----- Records supplied

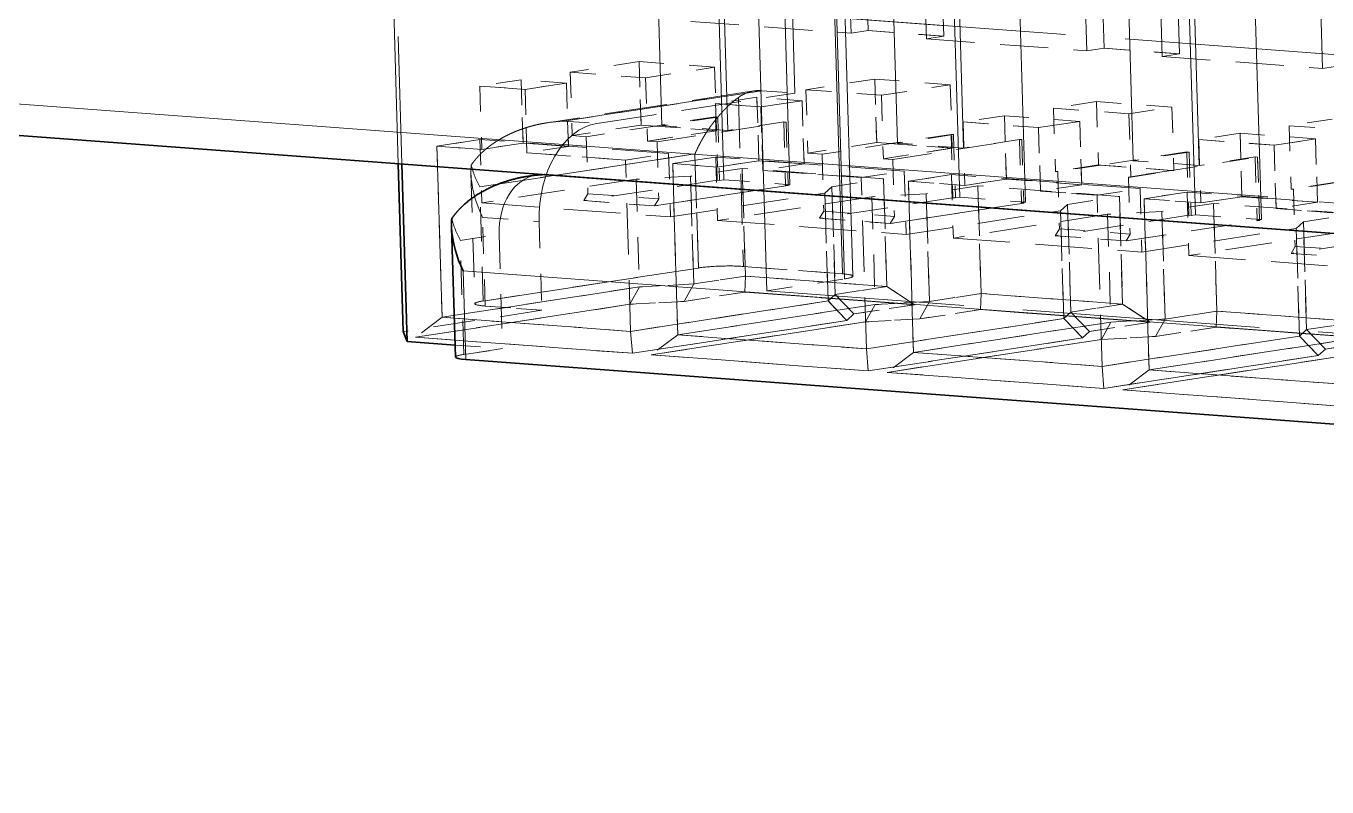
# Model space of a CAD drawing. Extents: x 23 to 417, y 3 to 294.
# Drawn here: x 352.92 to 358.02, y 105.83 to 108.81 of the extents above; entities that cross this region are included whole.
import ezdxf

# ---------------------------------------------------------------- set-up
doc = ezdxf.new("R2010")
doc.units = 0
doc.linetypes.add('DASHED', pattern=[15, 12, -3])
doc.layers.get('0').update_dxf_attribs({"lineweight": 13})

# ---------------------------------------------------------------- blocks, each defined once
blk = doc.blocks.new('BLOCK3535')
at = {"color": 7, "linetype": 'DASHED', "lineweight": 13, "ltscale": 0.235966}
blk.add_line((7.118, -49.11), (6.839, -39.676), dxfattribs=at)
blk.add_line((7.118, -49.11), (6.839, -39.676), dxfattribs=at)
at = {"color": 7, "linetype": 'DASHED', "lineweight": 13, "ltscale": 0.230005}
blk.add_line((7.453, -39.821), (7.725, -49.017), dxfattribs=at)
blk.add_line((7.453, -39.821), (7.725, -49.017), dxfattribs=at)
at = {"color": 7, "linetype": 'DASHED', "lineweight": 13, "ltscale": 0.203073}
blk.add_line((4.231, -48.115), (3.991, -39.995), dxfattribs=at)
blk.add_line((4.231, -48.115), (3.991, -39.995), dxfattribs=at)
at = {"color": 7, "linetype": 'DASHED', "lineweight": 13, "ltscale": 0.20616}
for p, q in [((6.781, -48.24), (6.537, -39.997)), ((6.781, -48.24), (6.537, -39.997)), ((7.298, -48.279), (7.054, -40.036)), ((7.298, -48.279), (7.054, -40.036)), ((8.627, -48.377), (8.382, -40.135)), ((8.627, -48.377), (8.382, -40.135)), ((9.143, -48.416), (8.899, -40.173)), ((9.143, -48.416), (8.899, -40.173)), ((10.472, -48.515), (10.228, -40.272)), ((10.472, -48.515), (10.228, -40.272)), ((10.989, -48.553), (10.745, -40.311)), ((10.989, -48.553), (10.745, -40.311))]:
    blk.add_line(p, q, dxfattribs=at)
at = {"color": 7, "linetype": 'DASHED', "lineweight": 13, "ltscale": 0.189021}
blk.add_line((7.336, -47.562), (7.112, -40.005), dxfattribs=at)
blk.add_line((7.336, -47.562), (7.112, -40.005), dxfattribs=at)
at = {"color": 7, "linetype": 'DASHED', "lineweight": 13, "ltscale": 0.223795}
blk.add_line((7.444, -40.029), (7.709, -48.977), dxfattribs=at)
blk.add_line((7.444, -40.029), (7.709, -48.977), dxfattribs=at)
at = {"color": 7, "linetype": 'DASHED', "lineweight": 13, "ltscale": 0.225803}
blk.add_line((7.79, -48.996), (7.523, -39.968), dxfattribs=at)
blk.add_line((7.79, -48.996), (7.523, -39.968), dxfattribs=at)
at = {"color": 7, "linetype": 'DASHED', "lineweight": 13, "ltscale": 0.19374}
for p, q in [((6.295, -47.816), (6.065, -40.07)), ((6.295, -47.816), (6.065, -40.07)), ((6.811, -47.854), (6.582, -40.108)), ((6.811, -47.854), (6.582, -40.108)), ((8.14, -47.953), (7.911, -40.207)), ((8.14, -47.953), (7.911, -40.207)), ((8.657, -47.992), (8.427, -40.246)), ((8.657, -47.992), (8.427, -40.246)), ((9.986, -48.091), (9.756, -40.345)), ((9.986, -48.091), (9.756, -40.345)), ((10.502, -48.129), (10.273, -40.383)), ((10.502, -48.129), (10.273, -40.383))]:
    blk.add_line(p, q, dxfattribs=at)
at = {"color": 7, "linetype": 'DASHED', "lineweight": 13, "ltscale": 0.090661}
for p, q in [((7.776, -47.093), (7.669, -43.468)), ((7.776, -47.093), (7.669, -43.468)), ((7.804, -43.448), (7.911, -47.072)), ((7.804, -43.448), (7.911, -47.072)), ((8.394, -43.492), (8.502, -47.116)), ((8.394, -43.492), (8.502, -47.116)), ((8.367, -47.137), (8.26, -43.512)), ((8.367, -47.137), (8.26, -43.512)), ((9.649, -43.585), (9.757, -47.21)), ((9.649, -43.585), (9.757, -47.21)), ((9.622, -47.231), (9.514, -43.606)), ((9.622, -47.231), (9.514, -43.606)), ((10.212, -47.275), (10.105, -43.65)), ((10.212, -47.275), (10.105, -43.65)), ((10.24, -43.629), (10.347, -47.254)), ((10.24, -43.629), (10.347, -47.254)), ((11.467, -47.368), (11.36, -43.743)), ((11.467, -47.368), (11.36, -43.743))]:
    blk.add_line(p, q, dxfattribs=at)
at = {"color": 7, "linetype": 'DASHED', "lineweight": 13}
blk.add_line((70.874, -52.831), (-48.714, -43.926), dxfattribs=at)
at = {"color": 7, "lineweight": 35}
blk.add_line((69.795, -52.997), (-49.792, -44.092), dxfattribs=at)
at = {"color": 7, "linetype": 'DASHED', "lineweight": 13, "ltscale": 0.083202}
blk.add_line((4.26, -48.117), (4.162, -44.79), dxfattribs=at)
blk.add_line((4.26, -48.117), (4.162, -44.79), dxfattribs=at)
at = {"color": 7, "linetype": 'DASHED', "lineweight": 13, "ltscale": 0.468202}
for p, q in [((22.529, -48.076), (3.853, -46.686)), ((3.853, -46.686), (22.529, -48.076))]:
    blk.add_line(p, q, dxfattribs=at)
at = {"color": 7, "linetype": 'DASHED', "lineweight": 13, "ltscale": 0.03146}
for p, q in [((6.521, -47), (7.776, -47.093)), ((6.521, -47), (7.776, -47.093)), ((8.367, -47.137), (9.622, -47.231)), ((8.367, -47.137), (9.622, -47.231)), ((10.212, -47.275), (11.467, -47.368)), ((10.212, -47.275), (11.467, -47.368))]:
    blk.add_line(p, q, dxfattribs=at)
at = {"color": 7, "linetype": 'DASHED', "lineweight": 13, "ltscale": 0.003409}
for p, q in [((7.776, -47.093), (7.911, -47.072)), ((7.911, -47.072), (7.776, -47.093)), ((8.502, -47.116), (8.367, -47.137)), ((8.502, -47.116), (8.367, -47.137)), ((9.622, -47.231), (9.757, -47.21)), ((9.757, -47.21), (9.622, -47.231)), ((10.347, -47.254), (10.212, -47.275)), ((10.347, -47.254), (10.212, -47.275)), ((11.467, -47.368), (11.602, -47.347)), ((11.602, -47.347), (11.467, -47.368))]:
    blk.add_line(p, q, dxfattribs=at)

----------

◆ Activity
Your answer should be a single number: the count of lines in these records that hold the string "blocks".

◆ Solution below
2